At a point in this outstanding performance, the wooden partitions play a key role in the slaying of Mercutio.  Romeo steps between Tybalt and Mercutio causing the latter to become distracted, thus causing the fatal blow from Tybalt's saber, through an opening in one of the partitions.  Before succumbing to his fatal wound, Mercutio cries the fateful lines, "A curse on both your houses," referring of course to the long-feuding families -- the Montagues and the Capulets.  (Editor's Note:   Not the Hatfields and McCoys!!)
Earlier on in the adventures of SweetHeart and "Geezer the Kid," we attended a performance of A Midsummer's Night's Dream, another outdoor performance in the forest, beautifully done using the ambient setting as a sort of "character" in that well-known Shakespearean comedy.  (We sat in the "Royal Box" and were revered and applauded by the more rustic attendees!  Please don't take offense!)  
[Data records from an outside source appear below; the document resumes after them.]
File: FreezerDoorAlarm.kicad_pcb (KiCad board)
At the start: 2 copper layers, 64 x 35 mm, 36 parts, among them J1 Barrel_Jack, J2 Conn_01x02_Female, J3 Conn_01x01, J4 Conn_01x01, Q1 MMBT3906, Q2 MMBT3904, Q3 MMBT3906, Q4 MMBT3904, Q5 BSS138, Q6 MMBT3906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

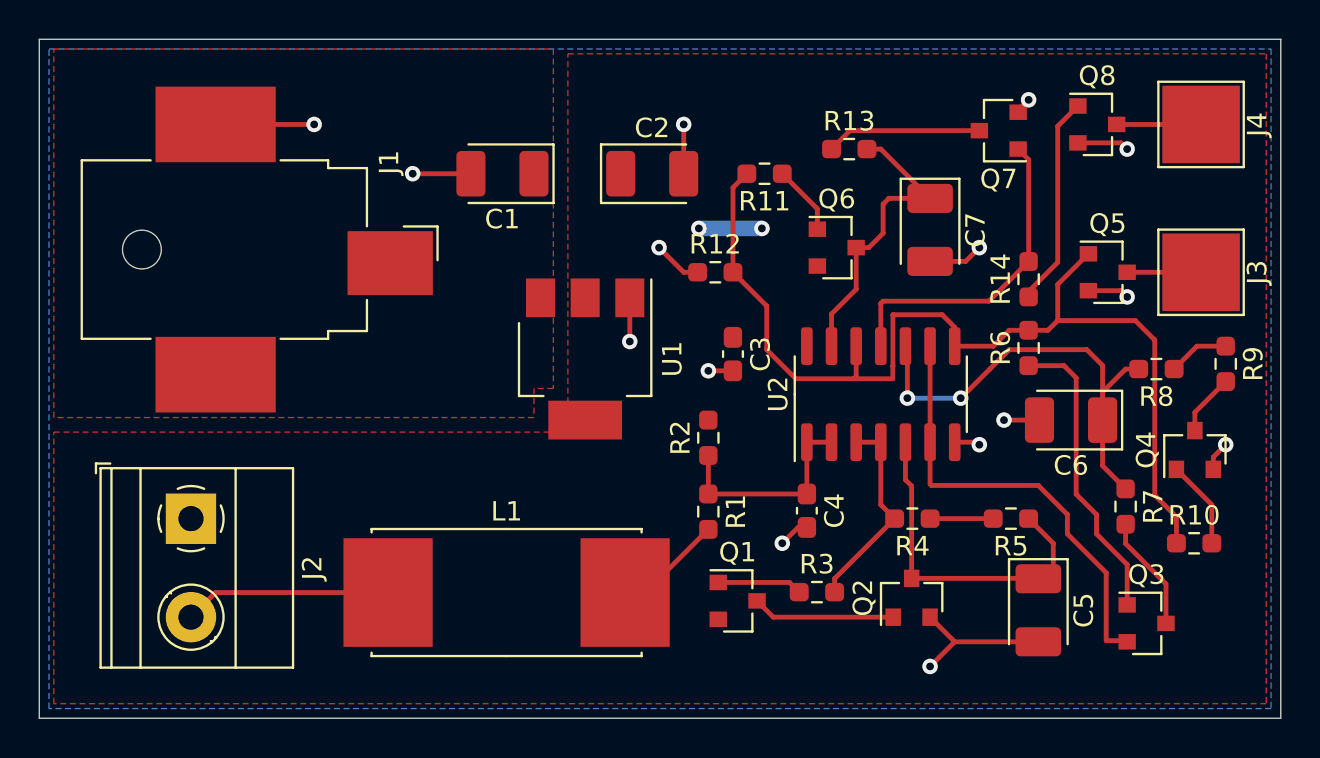
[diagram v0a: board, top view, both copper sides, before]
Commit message: Where large/fast currents are expected to flow (Q2/C5, U2 bypass) loop area has been reduced.
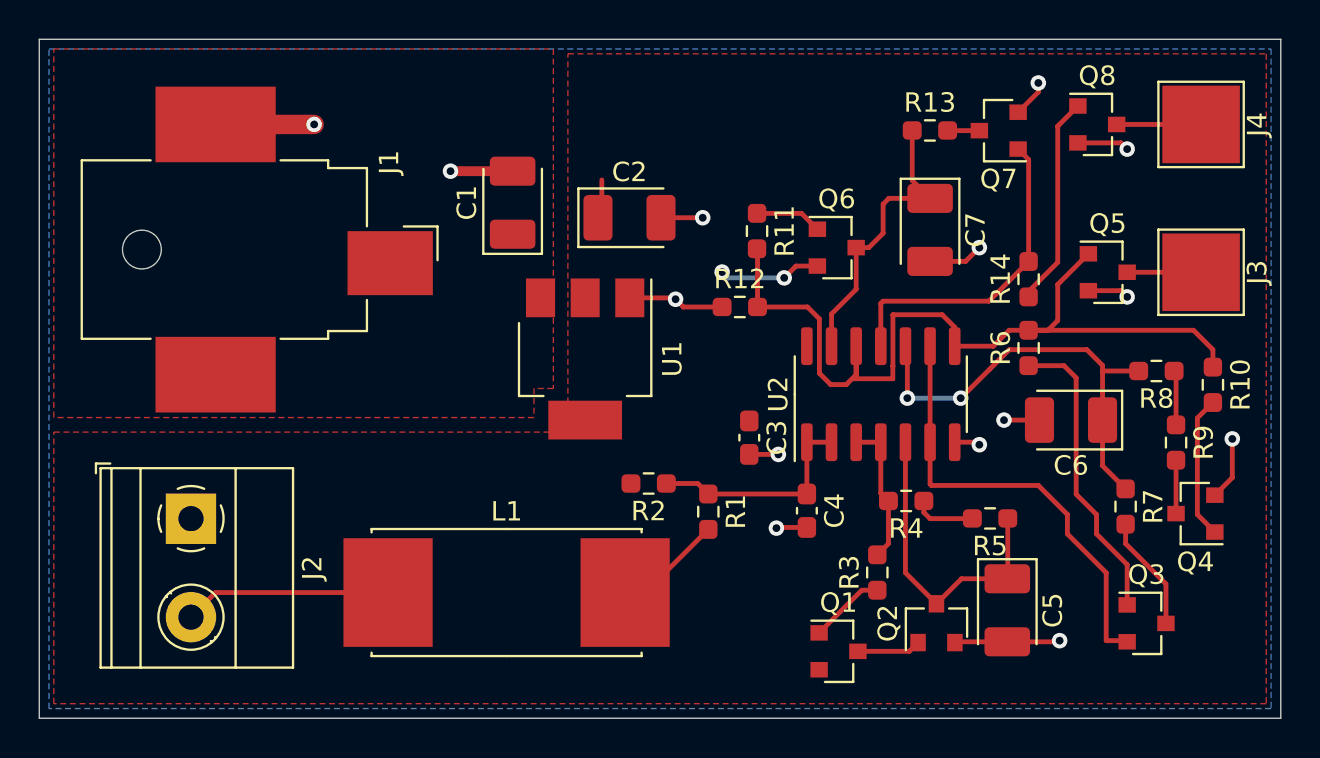
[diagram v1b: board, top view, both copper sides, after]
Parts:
- moved R10 8.22 mm to (136.5, 85.8), turned to 270 degrees
- moved Q1 5.81 mm to (117.2, 99.5)
- moved R9 4.80 mm to (134.6, 88.8)
- moved C3 4.39 mm to (112.6, 88.5)
- moved R13 4.27 mm to (121.9, 72.7)
- moved R2 3.88 mm to (107.4, 90.9), turned to 180 degrees
- moved Q4 3.28 mm to (135.6, 92.5), turned to 180 degrees
- moved R3 3.27 mm to (119.2, 95.5), turned to 90 degrees
- moved R11 2.98 mm to (113.0, 77.9), turned to 270 degrees
- moved C2 2.55 mm to (106.4, 77.2)
- moved R12 2.19 mm to (112.1, 81.8)
- moved Q2 1.83 mm to (122.2, 98.1)
- moved C5 1.60 mm to (125.9, 97.4)
- moved C1 1.58 mm to (100.4, 76.4), turned to 90 degrees
- moved R5 1.08 mm to (125.0, 92.7)
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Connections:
- R13 pad 1: Net-(Q7-Pad3) -> Net-(C7-Pad1)
- R13 pad 2: Net-(C7-Pad1) -> Net-(Q7-Pad3)
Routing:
- net Net-(Q5-Pad1): track 53.0 -> 45.3 mm
- net Net-(Q7-Pad3): track 8.01 -> 1.64 mm
- net +5V: track 3.25 -> 7.44 mm
- net Net-(Q1-Pad3): track 7.37 -> 3.29 mm
- net Net-(R3-Pad2): track 10.6 -> 7.48 mm
- net Net-(Q4-Pad1): track 4.57 -> 7.38 mm
- net Net-(C5-Pad1): track 17.3 -> 16.3 mm
- net GNDD: track 39.4 -> 39.9 mm, vias 15 -> 14
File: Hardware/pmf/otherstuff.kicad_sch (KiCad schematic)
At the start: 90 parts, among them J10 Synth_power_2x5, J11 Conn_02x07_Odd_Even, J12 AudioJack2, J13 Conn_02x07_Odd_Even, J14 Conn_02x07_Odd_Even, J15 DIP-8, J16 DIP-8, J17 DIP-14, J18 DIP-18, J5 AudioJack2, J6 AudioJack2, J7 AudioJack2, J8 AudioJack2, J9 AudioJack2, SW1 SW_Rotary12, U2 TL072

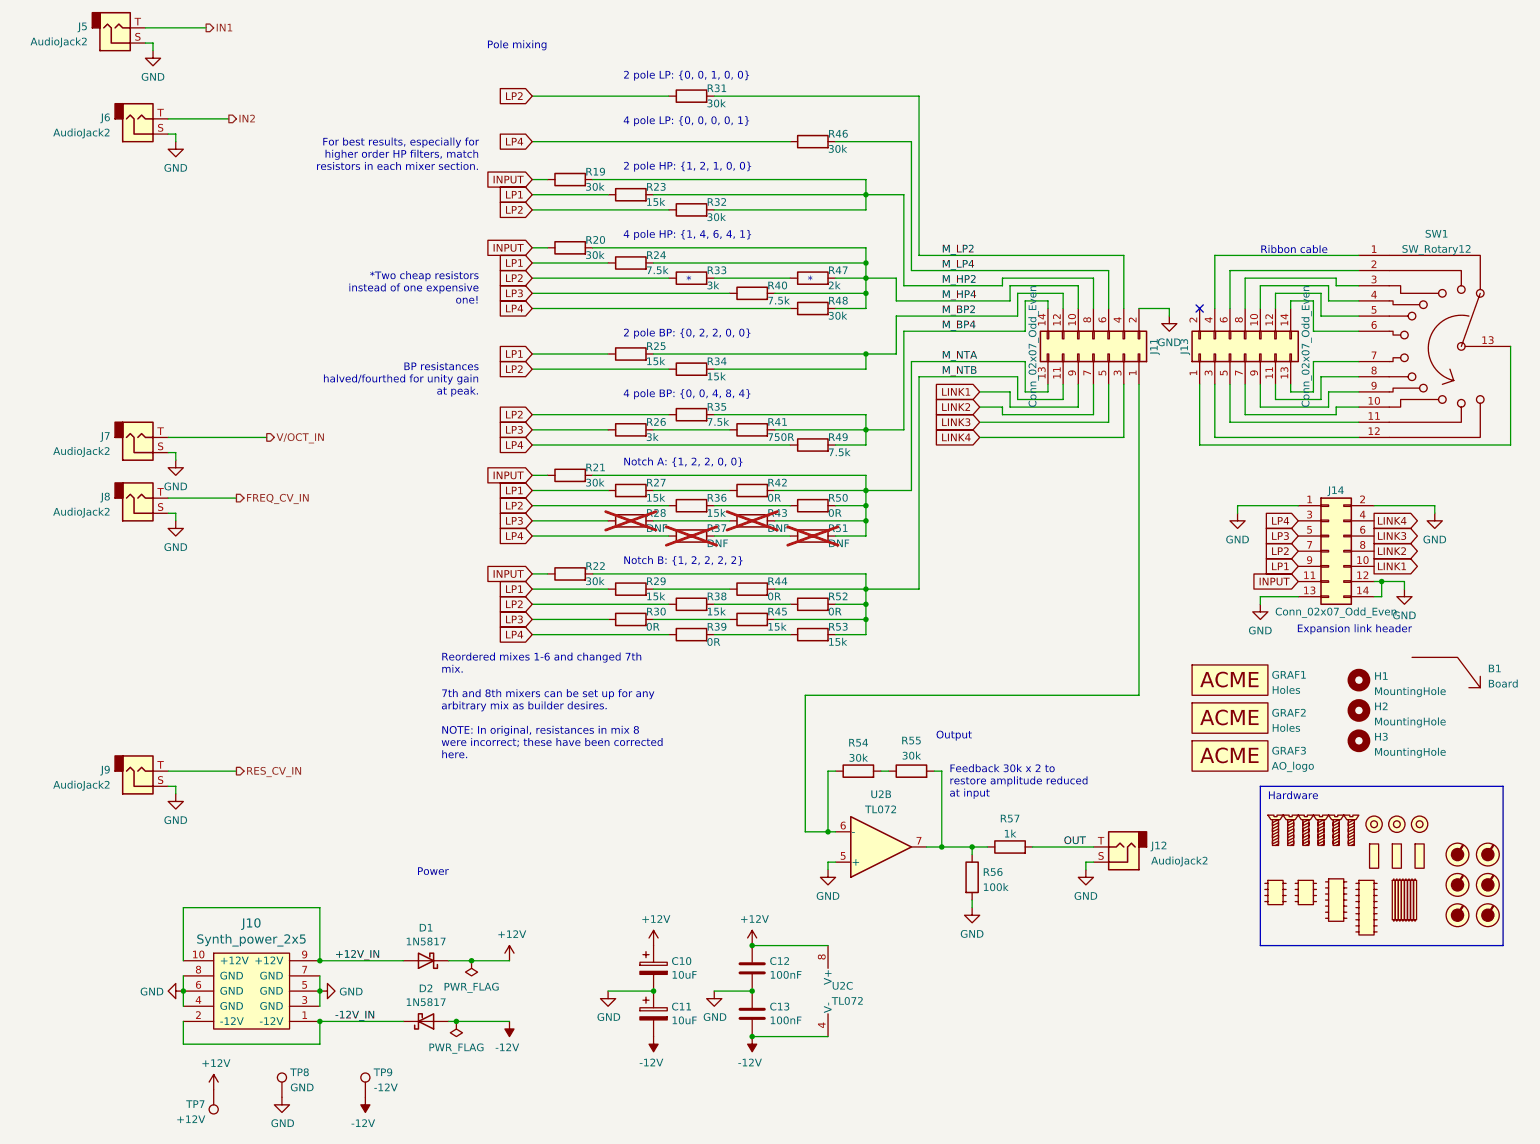
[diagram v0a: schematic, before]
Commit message: Global labels to heir, fixing input bug; buffer LP1-4; more clearance for rot switch
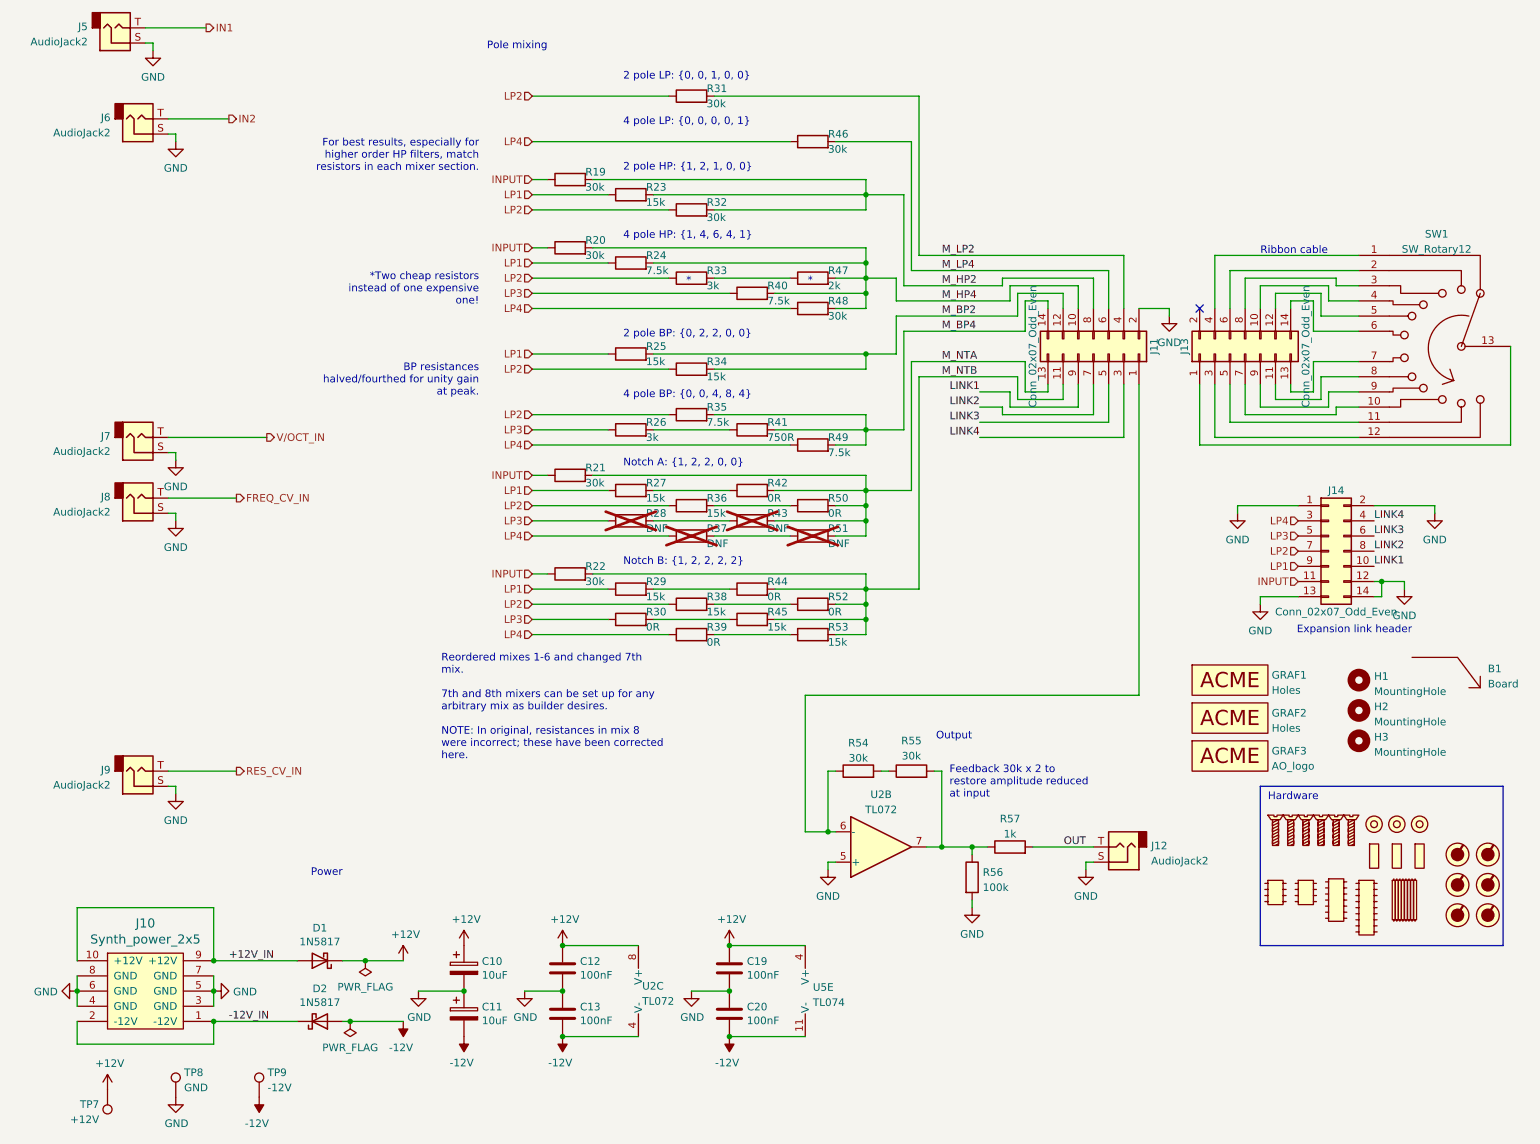
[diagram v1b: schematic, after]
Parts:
- added C19, C20: 100nF, AO_tht:C_Disc_D3.0mm_W1.6mm_P2.50mm, symbol AO_symbols:C
- added U5: TL074, AO_tht:DIP-14_W7.62mm_Socket_LongPads, symbol AO_symbols:TL074
- J15, J16: footprint (none) -> AO_tht:DIP-8_W7.62mm_Socket_LongPads
- J17: footprint (none) -> AO_tht:DIP-14_W7.62mm_Socket_LongPads
- J18: footprint (none) -> Package_DIP:DIP-18_W7.62mm_Socket_LongPads
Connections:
- net +12V: now also C19.1, U5.4 (V+)
- net -12V: now also C20.2, U5.11 (V-)
- net GND: now also C19.2, C20.1
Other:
- moved on the sheet: C10, C11, C12, C13, D1, D2, J10, TP7, TP8, TP9, U2C

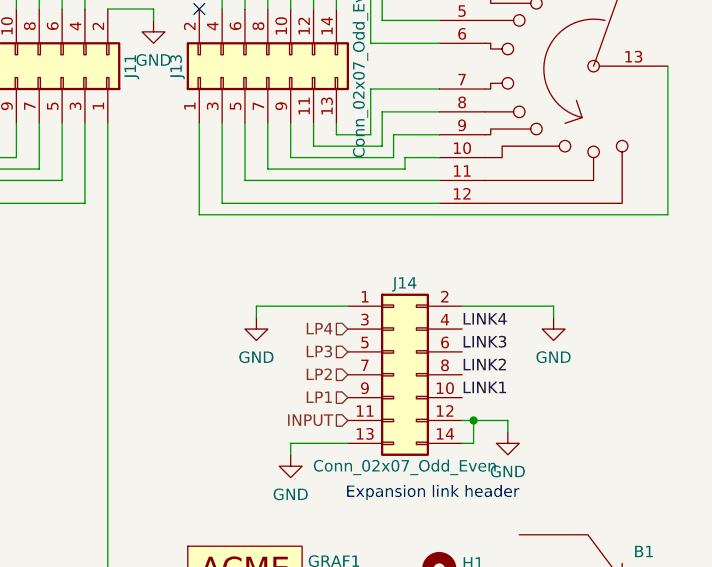
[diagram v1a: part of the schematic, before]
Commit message: Docs; add bias current resistors
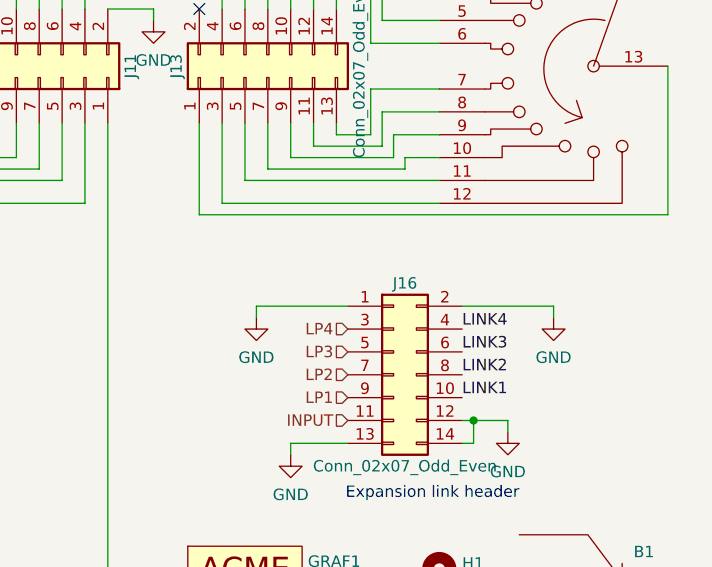
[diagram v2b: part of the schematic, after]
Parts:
- renumbered J15 to J14, J16 to J15, J14 to J16

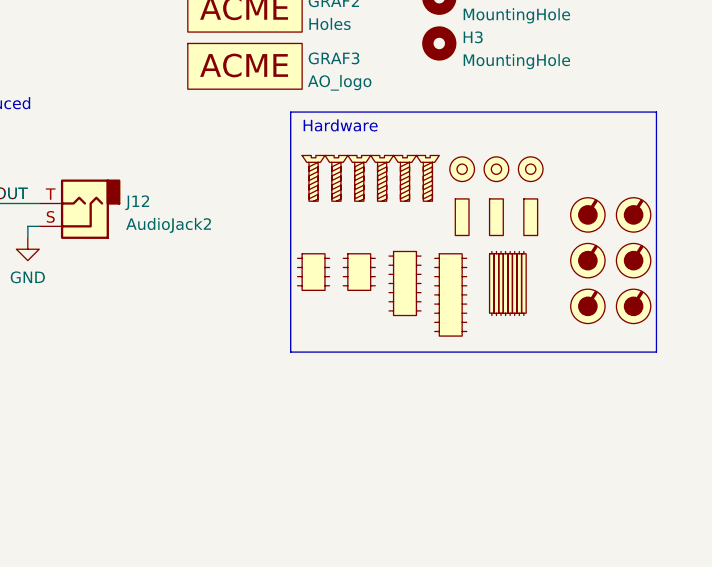
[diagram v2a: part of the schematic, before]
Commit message: DIP14->DIP8
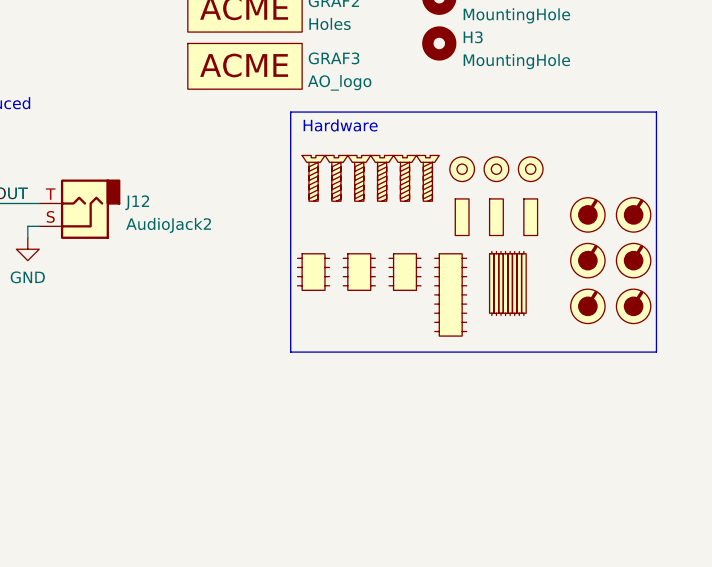
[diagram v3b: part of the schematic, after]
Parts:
- removed J17: DIP-14, AO_tht:DIP-14_W7.62mm_Socket_LongPads, symbol AO_symbols:DIP-14
- added J17: DIP-8, AO_tht:DIP-8_W7.62mm_Socket_LongPads, symbol AO_symbols:DIP-8
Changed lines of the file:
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@@
+    )
+  )
+  (symbol (lib_id "AO_symbols:DIP-8") (at 233.68 162.56 0) (unit 1)
+    (in_bom yes) (on_board no) (dnp no) (fields_autoplaced)
+    (property "Reference" "J17" (at 233.68 161.29 0)
+      (effects (font (size 1.27 1.27)) hide)
+    )
+    (property "Value" "DIP-8" (at 233.68 163.576 0)
+      (effects (font (size 1.27 1.27)) hide)
+    )
+    (property "Footprint" "AO_tht:DIP-8_W7.62mm_Socket_LongPads" (at 233.68 162.56 0)
+      (effects (font (size 1.27 1.27)) hide)
+    )
+    (property "Datasheet" "" (at 233.68 162.56 0)
+      (effects (font (size 1.27 1.27)) hide)
+    )
+    (instances
+      (project "pmf"
+        (path "/1fce46f5-2003-4c7e-915f-b9b7dfc679d7/a180c6ca-d86a-4fef-be09-a6b0b94046eb"
+          (reference "J17") (unit 1)
+        )
+      )
     )
   )
@@
         )
       )
-    )
-  )
-  (symbol (lib_id "AO_symbols:DIP-14") (at 233.68 163.83 0) (unit 1)
-    (in_bom yes) (on_board no) (dnp no) (fields_autoplaced)
-    (property "Reference" "J17" (at 233.68 162.814 0)
-      (effects (font (size 1.27 1.27)) hide)
-    )
-    (property "Value" "DIP-14" (at 233.68 165.1 0)
-      (effects (font (size 1.27 1.27)) hide)
-    )
-    (property "Footprint" "AO_tht:DIP-14_W7.62mm_Socket_LongPads" (at 233.68 165.354 0)
-      (effects (font (size 1.27 1.27)) hide)
-    )
-    (property "Datasheet" "" (at 233.68 165.354 0)
-      (effects (font (size 1.27 1.27)) hide)
-    )
-    (instances
-      (project "pmf"
-        (path "/1fce46f5-2003-4c7e-915f-b9b7dfc679d7/a180c6ca-d86a-4fef-be09-a6b0b94046eb"
-          (reference "J17") (unit 1)
-        )
-      )

Well, golly, whether we have become cultured individuals as a result of our, now, intimate relationship with Will and other prominent literary figures, it matters little, 

I suppose....  But I am beginning to use such terms as "forsooth" more frequently in my everyday discourse, and "Fie Upon You"...   I guess that's better than the nasty words used by many angry combatants in modern society.  Whither goest thou?...
In any event, I give thanks to my legions of faithful readers and devotees...  both of you!??  And I take my leave with this thought:   (Soon) Comes the Winter of Our Discontent, Made Glorious Summer by This Son of (Milwaukee...  with profound apologies to purists!!).  (We plan to hire a snow removal crew so that I don't have to strain my aging back!!)  A Final Thought:  We hope that Winter takes an early leave of us, but looking forward to our next encounter with high culture in whatever season it presents itself!!
(Dedicated to all who seek cultural outlets in this increasingly bizarre and lunatic society in which we find ourselves, with apologies to those who may mistakenly and undeservedly believe they are included, or lumped!!)
Humbly Submitted 08-27-2023...  Joel K.